What to produce ▸
Below are the records; collect from them each line containing the string "flat".

Collection entries
╔══

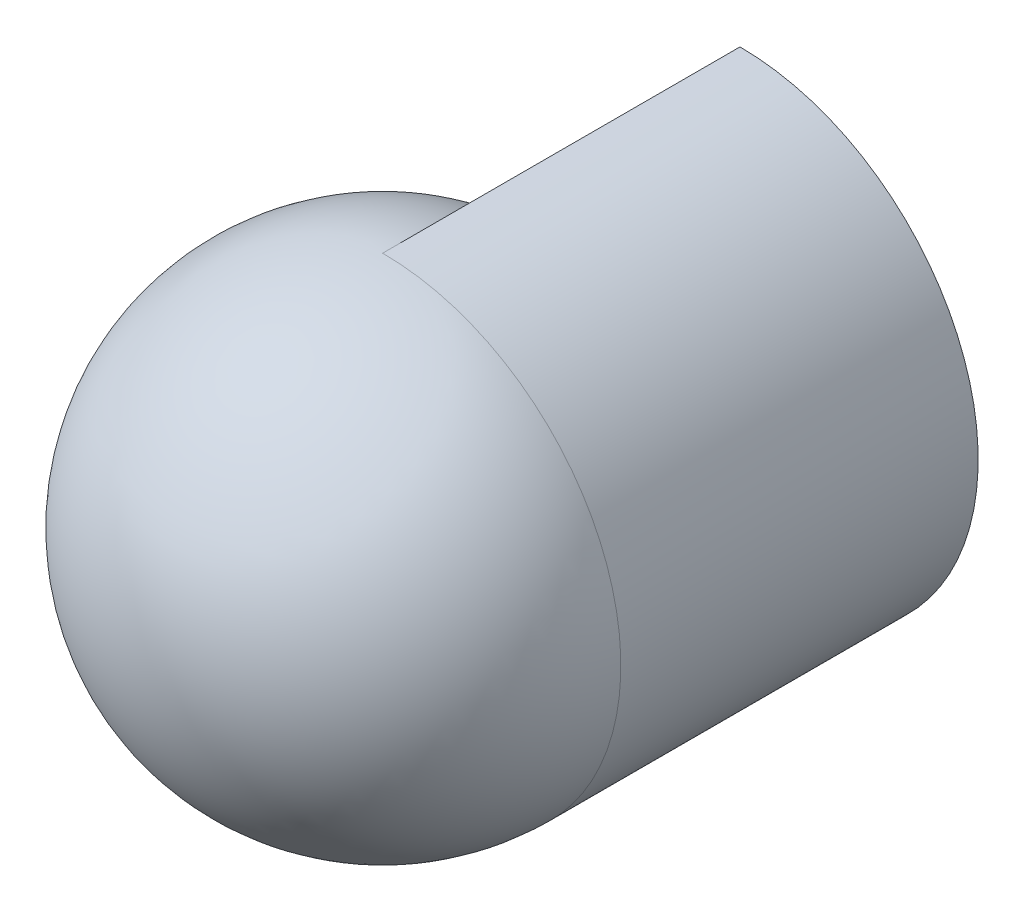
from build123d import *

# Parameters (mm, degrees)
CUT_EXTRUDE3_DEPTH = 762
SWEEP1_START       = -76.2
SWEEP1_DEPTH       = 76.2


# Read off the part's stored shape, not the designer's step: Sweep1
with BuildPart() as part:
    # Sketch2 → Revolve3 (revolve)
    with BuildSketch(Plane.XY):
        with BuildLine():
            Line((0, 50.8), (0, -50.8))
            ThreePointArc((0, -50.8), (50.8, 0), (0, 50.8))
        make_face()
    revolve(axis=Axis((0, 50.8, 0), (0, -1, 0)))

    # Sketch2<4> → Cut-Extrude3 (cut)
    with BuildSketch(Plane.XY):
        with BuildLine():
            Line((0, 50.8), (0, -50.8))
            ThreePointArc((0, -50.8), (50.8, 0), (0, 50.8))
        make_face()
    extrude(amount=-CUT_EXTRUDE3_DEPTH, mode=Mode.SUBTRACT)

    # Sweep1 outline → Sweep1 (add)
    with BuildSketch(Plane.XY.offset(SWEEP1_START)):
        with BuildLine():
            ThreePointArc((0, -50.8), (50.8, 0), (0, 50.8))
            Line((0, 50.8), (0, -50.8))
        make_face()
    extrude(amount=SWEEP1_DEPTH)


solid = part.part
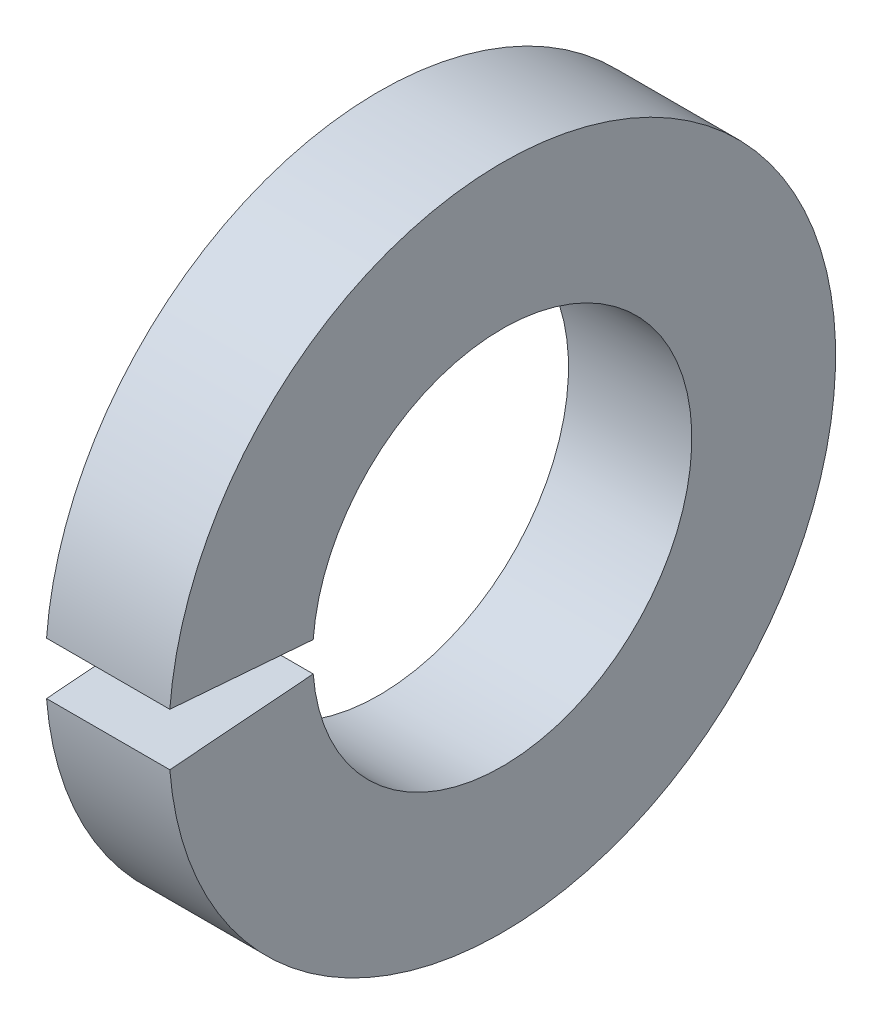
from build123d import *

# Parameters (mm, degrees)
SKETCH1_W = 8.382
SKETCH1_H = 9.779
GAP_DEPTH = 34.137145087


with BuildPart() as part:
    # Sketch1 → Base-Revolve (revolve)
    with BuildSketch(Plane.XY):
        with Locations((-4.191, 17.78)):
            Rectangle(SKETCH1_W, SKETCH1_H)
    revolve(axis=Axis((-34.925, 0, 0), (1, 0, 0)))

    # Sketch2 → Gap (cut, through all)
    with BuildSketch(Plane(origin=(0, 0, 0), x_dir=(0, -1, 0), z_dir=(-1, 0, 0))):
        with BuildLine():
            Line((0, 0), (1.81420104, 23.051609847))
            ThreePointArc((1.81420104, 23.051609847), (0, 23.12289), (-1.81420104, 23.051609847))
            Line((-1.81420104, 23.051609847), (0, 0))
        make_face()
    extrude(amount=GAP_DEPTH, mode=Mode.SUBTRACT)


solid = part.part
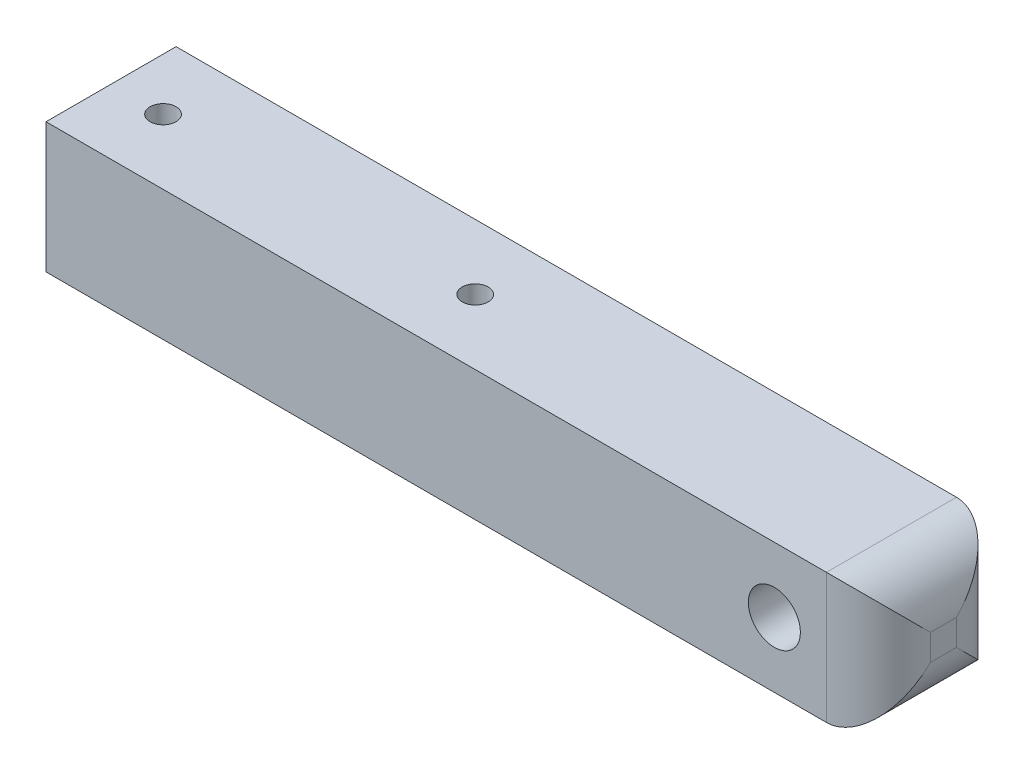
from build123d import *

# Parameters (mm, degrees)
BOSS_EXTRUDE1_DEPTH         = 15.875
CUT_EXTRUDE1_DEPTH          = 152.4
F_1_2_0_5_DIAMETER_HOLE1_D  = 12.7
F_1_4_0_25_DIAMETER_HOLE1_D = 6.35
FILLET1_R                   = 12.7


with BuildPart() as part:
    # Sketch1 → Boss-Extrude1 (new, symmetric)
    with BuildSketch(Plane.XY):
        Polygon((0, 0), (101.6, 0), (101.6, 31.75), (-101.6, 31.75), (-101.6, 0), align=None)
    extrude(amount=BOSS_EXTRUDE1_DEPTH, both=True)

    # Sketch2 → Cut-Extrude1 (cut)
    with BuildSketch(Plane.ZY.offset(101.6)):
        Polygon((0, 4.971051224), (-8.980256121, 13.951307345), (-9.878281733, 13.053281733), (0, 3.175), (9.878281733, 13.053281733), (8.980256121, 13.951307345), align=None)
    extrude(amount=-CUT_EXTRUDE1_DEPTH, mode=Mode.SUBTRACT)

    # 1/2 (0.5) Diameter Hole1 (through all)
    with Locations(Plane.XY.offset(15.875)):
        with Locations((76.2, 15.875)):
            Hole(F_1_2_0_5_DIAMETER_HOLE1_D / 2)

    # 1/4 (0.25) Diameter Hole1 (through all)
    with Locations(Plane(origin=(0, 31.75, 0), x_dir=(1, 0, 0), z_dir=(0, 1, 0))):
        with Locations((-88.9, 0), (-12.7, 0)):
            Hole(F_1_4_0_25_DIAMETER_HOLE1_D / 2)

    # Fillet1
    fillet1_edges = [part.edges().sort_by_distance(p)[0] for p in [
        (101.6, 0, 0),
        (101.6, 15.875, -15.875),
        (101.6, 31.75, 0),
        (101.6, 15.875, 15.875),
    ]]
    fillet(fillet1_edges, radius=FILLET1_R)


solid = part.part
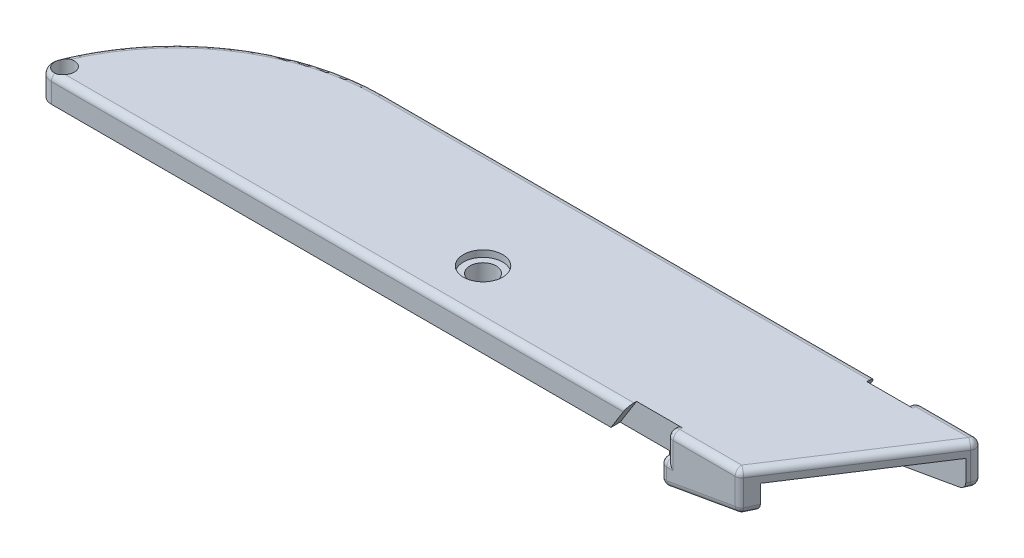
from build123d import *
from build123d.topology import SkipClean

# Parameters (mm, degrees)
BOSS_EXTRUDE1_DEPTH                                 = 10.16
CBORE_FOR_0_BINDING_HEAD_MACHINE_SCREW1_D           = 5.08
CBORE_FOR_0_BINDING_HEAD_MACHINE_SCREW1_CBORE_D     = 7.62
CBORE_FOR_0_BINDING_HEAD_MACHINE_SCREW1_CBORE_DEPTH = 1.27
SHELL1_OUTLINE_R                                    = 6.35
SHELL1_DEPTH                                        = 7.62
SHELL1_2_OUTLINE_R                                  = 6.35
SHELL1_2_OUTLINE_R_2                                = 5.08
SHELL1_2_DEPTH                                      = 6.35
CUT_EXTRUDE1_DEPTH                                  = 1.778
CUT_EXTRUDE2_DEPTH                                  = 1.778
CUT_EXTRUDE5_REACH                                  = 157.506
CUT_EXTRUDE6_REACH                                  = 157.506
CUT_EXTRUDE3_DEPTH                                  = 156.506301159
CUT_EXTRUDE3_DEPTH_BACK                             = 156.506301159
SKETCH4_W                                           = 120.65
SKETCH4_H                                           = 5.08
SKETCH5_W                                           = 19.05
SKETCH5_H                                           = 5.08
CUT_EXTRUDE4_DEPTH                                  = 2.54
SKETCH9_W                                           = 47.752
SKETCH9_H                                           = 3.81
CUT_EXTRUDE7_DEPTH                                  = 2.413
FILLET1_R                                           = 1.27
BOSS_EXTRUDE2_DEPTH                                 = 2.54
SKETCH11_W                                          = 40.132
SKETCH11_H                                          = 1.27
CUT_EXTRUDE9_DEPTH                                  = 6.858
SKETCH20_R                                          = 6.35
SKETCH20_R_2                                        = 5.08
CUT_EXTRUDE11_DEPTH                                 = 1.27
BOSS_EXTRUDE4_START                                 = 2.159
BOSS_EXTRUDE4_DEPTH                                 = 2.159
SKETCH36_R                                          = 1.905
CUT_EXTRUDE18_DEPTH                                 = 155.437689597


# Read off the part's stored shape, not the designer's step: Shell1
with BuildPart() as part:
    # Sketch1 → Boss-Extrude1 (new body)
    with BuildSketch(Plane(origin=(0, 0, 0), x_dir=(1, 0, 0), z_dir=(0, 1, 0))):
        with BuildLine():
            Line((0, 0), (133.35, 0))
            Line((133.35, 0), (152.4, 29.21))
            Line((152.4, 29.21), (35.446425772, 29.21))
            ThreePointArc((35.446425772, 29.21), (12.577020299, 22.164640842), (-2.363095051, 3.471333333))
            ThreePointArc((-2.363095051, 3.471333333), (-2.099665053, 1.110662158), (0, 0))
        make_face()
    extrude(amount=BOSS_EXTRUDE1_DEPTH)

    # CBORE for #0 Binding Head Machine Screw1 (through all)
    with Locations(Plane(origin=(0, 10.16, 0), x_dir=(1, 0, 0), z_dir=(0, 1, 0))):
        with Locations((74.100334947, 9.652)):
            CounterBoreHole(CBORE_FOR_0_BINDING_HEAD_MACHINE_SCREW1_D / 2, CBORE_FOR_0_BINDING_HEAD_MACHINE_SCREW1_CBORE_D / 2, CBORE_FOR_0_BINDING_HEAD_MACHINE_SCREW1_CBORE_DEPTH)

    # Shell1 outline → Shell1 (cut)
    with BuildSketch(Plane(origin=(0, 0, 0), x_dir=(1, 0, 0), z_dir=(0, 1, 0))):
        with BuildLine():
            Line((150.743478261, 26.67), (35.446425772, 26.67))
            ThreePointArc((35.446425772, 26.67), (14.006358141, 20.06497579), (0, 2.54))
            Line((0, 2.54), (135.006521739, 2.54))
            Line((135.006521739, 2.54), (150.743478261, 26.67))
        make_face()
        with Locations((74.100334947, 9.652)):
            Circle(SHELL1_OUTLINE_R, mode=Mode.SUBTRACT)
    extrude(amount=SHELL1_DEPTH, mode=Mode.SUBTRACT)

    # Shell1 2 outline → Shell1 2 (cut)
    with BuildSketch(Plane(origin=(0, 0, 0), x_dir=(1, 0, 0), z_dir=(0, 1, 0))):
        with Locations((74.100334947, 9.652)):
            Circle(SHELL1_2_OUTLINE_R)
        with Locations((74.100334947, 9.652)):
            Circle(SHELL1_2_OUTLINE_R_2, mode=Mode.SUBTRACT)
    extrude(amount=SHELL1_2_DEPTH, mode=Mode.SUBTRACT)

    # Sketch2 → Cut-Extrude1 (cut)
    with BuildSketch(Plane.XY):
        Polygon((118.11, 0), (118.11, 5.08), (119.38, 5.08), (119.38, 10.16), (111.76, 10.16), (105.41, 0), align=None)
    extrude(amount=-CUT_EXTRUDE1_DEPTH, mode=Mode.SUBTRACT)

    # Sketch3 → Cut-Extrude2 (cut)
    with BuildSketch(Plane(origin=(0, 0, -29.21), x_dir=(-1, 0, 0), z_dir=(0, 0, -1))):
        Polygon((-138.43, 10.16), (-138.43, 5.08), (-137.16, 5.08), (-137.16, 0), (-124.46, 0), (-130.81, 10.16), align=None)
    extrude(amount=-CUT_EXTRUDE2_DEPTH, mode=Mode.SUBTRACT)

    # Cut-Extrude5: up to this face of the body (flat: up to its plane)
    cut_extrude5_end = Plane(part.part.faces().sort_by_distance((67.503260869, 3.81, -2.54))[0])
    # Sketch7 → Cut-Extrude5 (cut, up to the picked face)
    with BuildSketch(Plane.XY, mode=Mode.PRIVATE) as cut_extrude5_sk1:
        Polygon((135.006521739, 2.979312663), (118.11, 0), (135.006521739, 0), align=None)
    cut_extrude5_tool1 = split(extrude(cut_extrude5_sk1.sketch, amount=-CUT_EXTRUDE5_REACH, mode=Mode.PRIVATE), bisect_by=cut_extrude5_end, keep=Keep.BOTH, mode=Mode.PRIVATE)
    add(cut_extrude5_tool1.solids().sort_by(Axis((129.374348, 0.993104, 0), (0, 0, -1)))[0], mode=Mode.SUBTRACT)

    # Cut-Extrude6: up to this face of the body (flat: up to its plane)
    cut_extrude6_end = Plane(part.part.faces().sort_by_distance((93.094952017, 3.81, -26.67))[0])
    # Sketch8 → Cut-Extrude6 (cut, up to the picked face)
    with BuildSketch(Plane(origin=(0, 0, -29.21), x_dir=(-1, 0, 0), z_dir=(0, 0, -1)), mode=Mode.PRIVATE) as cut_extrude6_sk1:
        Polygon((-152.4, 2.687223186), (-137.16, 0), (-152.4, 0), align=None)
    cut_extrude6_tool1 = split(extrude(cut_extrude6_sk1.sketch, amount=-CUT_EXTRUDE6_REACH, mode=Mode.PRIVATE), bisect_by=cut_extrude6_end, keep=Keep.BOTH, mode=Mode.PRIVATE)
    add(cut_extrude6_tool1.solids().sort_by(Axis((147.32, 0.895741, -29.21), (0, 0, 1)))[0], mode=Mode.SUBTRACT)

    # Sketch4 → Cut-Extrude3 (cut, two sides: drawn at the far end of the back side and taken through both)
    with BuildSketch(Plane.XY.offset(-CUT_EXTRUDE3_DEPTH_BACK)):
        with Locations((57.785, 2.54)):
            Rectangle(SKETCH4_W, SKETCH4_H)
    extrude(amount=CUT_EXTRUDE3_DEPTH + CUT_EXTRUDE3_DEPTH_BACK, mode=Mode.SUBTRACT)

    # Sketch5 → Cut-Extrude4 (cut)
    with BuildSketch(Plane(origin=(0, 0, -29.21), x_dir=(-1, 0, 0), z_dir=(0, 0, -1))):
        with Locations((-127.635, 2.54)):
            Rectangle(SKETCH5_W, SKETCH5_H)
    extrude(amount=-CUT_EXTRUDE4_DEPTH, mode=Mode.SUBTRACT)

    # Sketch9 → Cut-Extrude7 (cut)
    with BuildSketch(Plane(origin=(0, 0, -29.21), x_dir=(-1, 0, 0), z_dir=(0, 0, -1))):
        with Locations((-99.949, 6.985)):
            Rectangle(SKETCH9_W, SKETCH9_H)
    extrude(amount=-CUT_EXTRUDE7_DEPTH, mode=Mode.SUBTRACT)

    # Fillet1
    fillet1_edges = [part.edges().sort_by_distance(p)[0] for p in [
        (145.415, 10.16, -29.21),
        (142.875, 10.16, -14.605),
        (126.365, 10.16, 0),
        (119.38, 10.16, -0.889),
        (55.88, 10.16, 0),
        (-2.099665053, 10.16, -1.110662158),
        (12.577020299, 10.16, -22.164640842),
        (83.128212886, 10.16, -29.21),
        (138.43, 10.16, -28.321),
        (133.35, 6.423611593, 0),
        (152.4, 6.423611593, -29.21),
        (0, 6.35, -2.54),
        (118.745, 5.08, 0),
        (118.11, 2.54, 0),
        (119.38, 7.62, 0),
        (137.16, 2.54, -29.21),
        (137.795, 5.08, -29.21),
        (138.43, 7.62, -29.21),
        (144.78, 1.343611593, -29.21),
        (125.73, 1.343611593, 0),
        (151.57173913, 2.541178448, -27.94),
        (134.17826087, 2.833267924, -1.27),
        (137.16, 5.08, -28.321),
        (118.11, 0, -1.27),
        (118.11, 5.08, -0.889),
        (137.16, 0, -27.94),
    ]]
    fillet(fillet1_edges, radius=FILLET1_R - 0.0001)  # a hair under: the kernel refuses the full size

    # Sketch10 → Boss-Extrude2 (add)
    with BuildSketch(Plane.XZ.offset(-7.62)):
        Polygon((79.883, -21.717), (79.883, -26.67), (112.903, -26.67), (112.903, -19.939), (110.363, -19.939), (110.363, -23.749), (105.283, -23.749), (105.283, -21.717), (102.743, -21.717), (102.743, -23.749), (100.203, -23.749), (100.203, -21.717), (97.663, -21.717), (97.663, -23.749), (95.123, -23.749), (95.123, -21.717), (92.583, -21.717), (92.583, -23.749), (90.043, -23.749), (90.043, -21.717), (87.503, -21.717), (87.503, -23.749), (84.963, -23.749), (84.963, -21.717), align=None)
    extrude(amount=BOSS_EXTRUDE2_DEPTH)

    # Sketch11 → Cut-Extrude9 (cut)
    with BuildSketch(Plane(origin=(0, 0, -26.797), x_dir=(-1, 0, 0), z_dir=(0, 0, -1))):
        with Locations((-99.949, 5.715)):
            Rectangle(SKETCH11_W, SKETCH11_H)
    extrude(amount=-CUT_EXTRUDE9_DEPTH, mode=Mode.SUBTRACT)

    # Sketch20 → Cut-Extrude11 (cut)
    with SkipClean():  # the faces are left unmerged after this step: merging them gives an invalid solid
        with BuildSketch(Plane.XZ.offset(-6.35)):
            with Locations((74.100334947, -9.652)):
                Circle(SKETCH20_R)
            with Locations(Location((74.100334947, -9.652, 0), (0, 0, 90))):
                Circle(SKETCH20_R_2, mode=Mode.SUBTRACT)
        extrude(amount=-CUT_EXTRUDE11_DEPTH, mode=Mode.SUBTRACT)

    # Sketch21 → Boss-Extrude4 (add)
    with BuildSketch(Plane.XZ.offset(-7.62).offset(BOSS_EXTRUDE4_START)):
        with BuildLine():
            Line((74.100334947, -2.54), (74.100334947, -4.572))
            ThreePointArc((74.100334947, -4.572), (73.196935106, -4.652973222), (72.322334947, -4.893311525))
            Line((72.322334947, -4.893311525), (72.322334947, -2.54))
            Line((72.322334947, -2.54), (74.100334947, -2.54))
        make_face()
        with BuildLine():
            Line((74.100334947, -14.732), (74.100334947, -26.67))
            Line((74.100334947, -26.67), (72.322334947, -26.67))
            Line((72.322334947, -26.67), (72.322334947, -14.410688475))
            ThreePointArc((72.322334947, -14.410688475), (73.196935106, -14.651026778), (74.100334947, -14.732))
        make_face()
    extrude(amount=-BOSS_EXTRUDE4_DEPTH)

    # Sketch36 → Cut-Extrude18 (cut, through all)
    with SkipClean():  # the faces are left unmerged after this step: merging them gives an invalid solid
        with BuildSketch(Plane(origin=(0, 10.16, 0), x_dir=(1, 0, 0), z_dir=(0, 1, 0))):
            with Locations(Location((0, 2.54, 0), (0, 0, 270))):
                Circle(SKETCH36_R)
        extrude(amount=-CUT_EXTRUDE18_DEPTH, mode=Mode.SUBTRACT)


solid = part.part

╚══

Problem solution ▸
    # Cut-Extrude5: up to this face of the body (flat: up to its plane)
    # Cut-Extrude6: up to this face of the body (flat: up to its plane)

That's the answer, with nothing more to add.